Figure 4. CRB of signal direction estimation versus SNR.

Figure 5. CRB of signal direction estimation versus sample number.

Figure 6 shows the CRB performance of the space-time array for different velocities. We set the same scenario as Figure 4, and the signal carrier frequency, sample number and sample interval are also unchanged. The dimension of $\mathit{b}\left(\theta \right)$ is 10 ($J$ = 10). We can observe that the CRB performance improved with the velocity gets larger. When the velocity reaches 300 m/s, the CRB can reach below 0.01° for high SNR. Besides, for low SNR, the improvement is more obvious.

Figure 6. CRB versus SNR for different values of the velocity.

Like Figure 6, we depict five curves to represent different temporal manifold vector dimensions in Figure 7. The velocity is 200 m/s and other conditions stay the same. It can be seen that the performance is better with more equivalent temporal array elements, but the improvement tendency becomes slower with enlarged $J$. Besides, we know that the complexity of the space-time array will extend when $J$ increases, so it is important to make a compromise between complexity and performance for the selection of $J$.

Figure 7. CRB versus SNR for different values of the temporal dimension.

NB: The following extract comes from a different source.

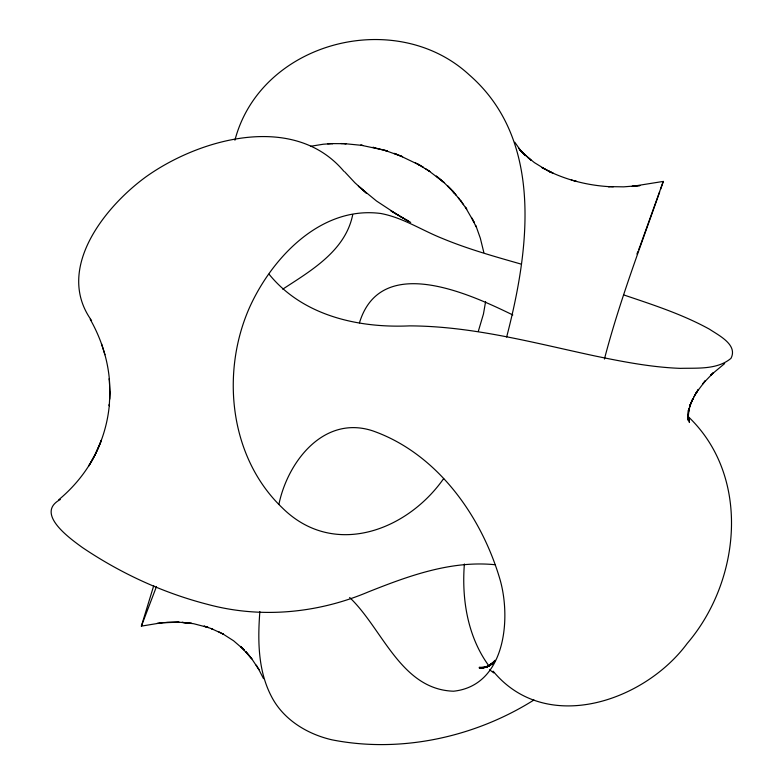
<?xml version="1.0" encoding="UTF-8"?>
<svg xmlns="http://www.w3.org/2000/svg" width="784" height="784" viewBox="0 0 784 784"><rect width="100%" height="100%" fill="white"/><g stroke="black" fill="none" stroke-linecap="round" stroke-linejoin="round"><path stroke-width="1.18" d="M157.055 623.398L162.053 622.712L141.375 626.132L153.733 585.668M109.927 393.264L109.339 378.652L109.927 393.264L109.27 405.847L109.427 404.034C107.555 425.918 100.391 447.282 88.788 465.931L95.099 454.671L101.45 440.108C92.973 463.471 77.763 484.012 58.663 499.82M109.78 399.144L109.946 392.265M688.166 415.206L687.901 420.136L689.077 408.631L688.058 414.893M464.383 563.99C461.59 599.446 467.685 637.274 489.285 666.38M259.857 611.589C257.691 640.067 257.858 670.359 271.352 696.3C283.2 719.536 307.103 734.098 331.946 739.822C400.761 753.444 474.908 737.205 533.943 699.985M485.61 301.556L483.454 313.992L478.407 331.015M352.712 214.708C345.45 250.811 311.16 270.588 282.75 289.159M613.284 186.808L608.276 186.612L623.692 186.847L639.999 185.553L632.012 186.416L663.284 181.418L640.146 245.882M688.656 411.237L690.488 404.162L689.91 406.043L693.007 398.615L691.4 401.79L696.937 391.461L694.007 396.743M359.454 322.841C380.71 252.889 469.498 293.824 512.805 314.962M506.64 337.032C528.945 251.105 544.517 140.463 469.351 74.96C395.773 6.811 260.788 41.542 234.916 140.209M604.425 359.043C619.223 302.212 640.244 247.303 659.677 191.962M278.888 504.445C287.61 461.805 323.723 414.893 372.527 430.788C437.021 453.348 481.415 515.931 500.055 579.641C511.403 619.34 505.18 685.657 453.564 691.214C400.898 689.528 382.533 628.709 349.644 597.496M688.832 409.601L690.488 404.162M660.579 189.287L663.284 181.418M156.506 586.481L141.375 626.132M636.912 254.016L637.99 251.301M638.715 249.488L639.793 246.774M693.007 398.615L690.371 404.475L691.341 402.329M695.183 394.636L698.358 389.432L696.437 392.568L705.443 380.593L702.64 383.935L713.43 372.674L710.618 375.262L724.671 363.551M494.243 661.392L491.617 664.822L495.125 660.265M443.695 478.534C406.955 531.052 333.21 558.512 282.23 507.777C229.31 457.141 220.608 372.292 249.714 307.103C272.322 257.26 321.322 205.653 380.799 213.493C402.751 217.56 421.655 230.202 442.147 238.356C467.636 248.979 494.273 256.427 520.782 264.002M494.743 660.726L489.128 665.841L492.381 663.088L488.373 666.253L491.725 663.656L487.53 666.665L491.617 663.842L486.746 667.017L491.176 664.215L486.051 667.282L490.323 664.832L485.384 667.498L489.579 665.322L482.807 667.968L485.972 667.047M60.319 499.506C34.457 513.393 70.237 538.677 82.379 547.506C120.589 573.29 163.131 592.969 207.809 604.425C260.876 618.752 317.843 613.313 368.245 591.949C408.493 575.926 451.065 560.295 495.165 564.735M487.031 666.733L479.338 668.193L485.012 667.321M310.768 146.255L323.361 144.217L332.808 143.57L327.683 143.844M482.944 667.625L485.737 667.341L481.229 667.566L486.168 667.409M166.796 622.437L161.347 622.8L179.144 622.182L166.796 622.437L180.124 622.31L191.972 623.437L181.966 622.349L193.668 623.721L208.377 627.553L204.065 626.112L212.611 629.062L211.376 628.621L223.342 634.158L218.54 631.688M481.229 667.566L484.296 667.586L482.287 667.458M331.985 143.609L346.244 143.697L340.962 143.55M482.621 667.517L479.132 667.4L483.944 667.576M344.705 143.668L362.698 145.452L360.66 145.158L384.924 150.273M609.276 186.661C588.568 185.436 568.028 180.438 549.3 171.451L553.053 173.176L541.93 167.541L550.77 172.166L547.448 170.451M375.046 147.823L372.861 147.314L387.531 151.155L384.777 150.332L402.584 156.702L394.185 153.37L397.361 154.634M575.799 181.261L576.554 181.467L571.34 179.987M624.064 295.039C653.121 304.839 682.57 314.355 709.52 329.221C718.644 335.336 738.087 344.793 730.972 358.366C717.193 369.911 697.182 367.892 680.326 368.362C651.641 367.304 623.368 361.806 595.321 356.044C533.982 342.931 472.654 326.085 409.464 325.879C358.308 328.182 302.761 315.795 269.069 274.214M399.399 155.438L419.842 165.238L415.393 162.807M405.475 219.51L408.562 221.264L391 210.916L410.698 222.431M545.35 169.344L534.394 162.602L523.428 153.723M421.635 166.316L423.086 167.129L418.097 164.287L429.848 171.5L425.281 168.54M222.852 633.903L233.593 640.783L244.471 650.171L240.629 646.437L251.86 658.844L245.97 651.749L251.762 658.805L258.955 669.634L256.221 665.165L256.623 665.812M400.487 216.649L403.446 218.373M398.674 215.58L376.506 200.998L358.357 186.082L366.53 193.256L354.946 182.799L344.744 171.863M428.868 170.873L444.224 182.652L436.316 176.077L444.273 182.79L454.514 193.129L451.496 189.836L459.591 199.303L458.287 197.695L466.764 209.201L465.373 207.211L474.193 222.568L471.507 217.462M489.628 669.771L493.704 672.897M528.014 157.653L530.993 160.171L519.988 149.979L525.094 155.408L518.577 148.098L522.516 152.674M688.234 416.637C751.18 476.545 740.713 580.964 687.264 643.37C644.34 701.572 545.997 735.284 493.116 671.163M454.544 193.227L452.78 191.178L456.425 195.432M520.37 150.185L514.784 142.227M343.96 171.382C294.451 112.347 200.018 138.151 145.853 176.91C104.537 207.005 54.713 269.373 91.591 320.568M463.579 204.673L460.286 200.165L461.698 202.105M90.209 319.304C100.773 337.953 107.673 358.739 109.446 380.142M258.573 669.026L263.512 678.65M472.85 219.99L476.025 226.752M475.761 225.322L480.337 238.238L483.836 252.487M101.479 343.715L104.929 354.721M688.136 416.853L689.459 422.537L687.96 414.785L688.656 420.302L688.146 416.284M688.117 410.571L688.176 415.491M451.192 189.473L447.566 185.877L451.202 189.561"/></g></svg>

In Figure 6 and Figure 7, specially, when $v$ = 0 or $J$ = 1, the performance curve is coincident with the curve of the conventional array. Under the condition that $v$ = 0, i.e., the array is static, there is no Doppler shift in the signal time domain. The temporal manifold vector $\mathit{b}\left(\theta \right)={\left[1,1,\cdots ,1\right]}^T$, which does not contain DOA information. Therefore, although the dimension of the space-time manifold vector is enlarged, the available information is not increased so that the performance is not improved. On the other hand, for the case that the signal has relatively wide bandwidth, whose coherent time is short, the number of the samples in a time segment is limited. In the worst case (i.e., $J$ = 1), the dimension of the array steering vector is not extended, which means that the DOA information in time domain is not employed, so the performance curve also converges to the curve of the conventional array.

5. Conclusions

This paper constructs a joint space-time array model based on a moving platform. The proposed space-time array combines spatial information with temporal information and obtains better performance than a conventional array, which makes it applicable in those conditions assumed in this paper. The theoretical analysis demonstrates that the space-time array improves the distinguishable source number, spatial resolution and estimation accuracy. Numerical simulations validate our deduction and illustrate the reliability of the space-time array performance. Nevertheless, our method requires that the duration of the time segment be less than the coherence time of the signal. When the signal bandwidth is relatively wide, the performance of proposed space-time array will degrade severely. Thus, our future work will focus on developing methods for more general environment.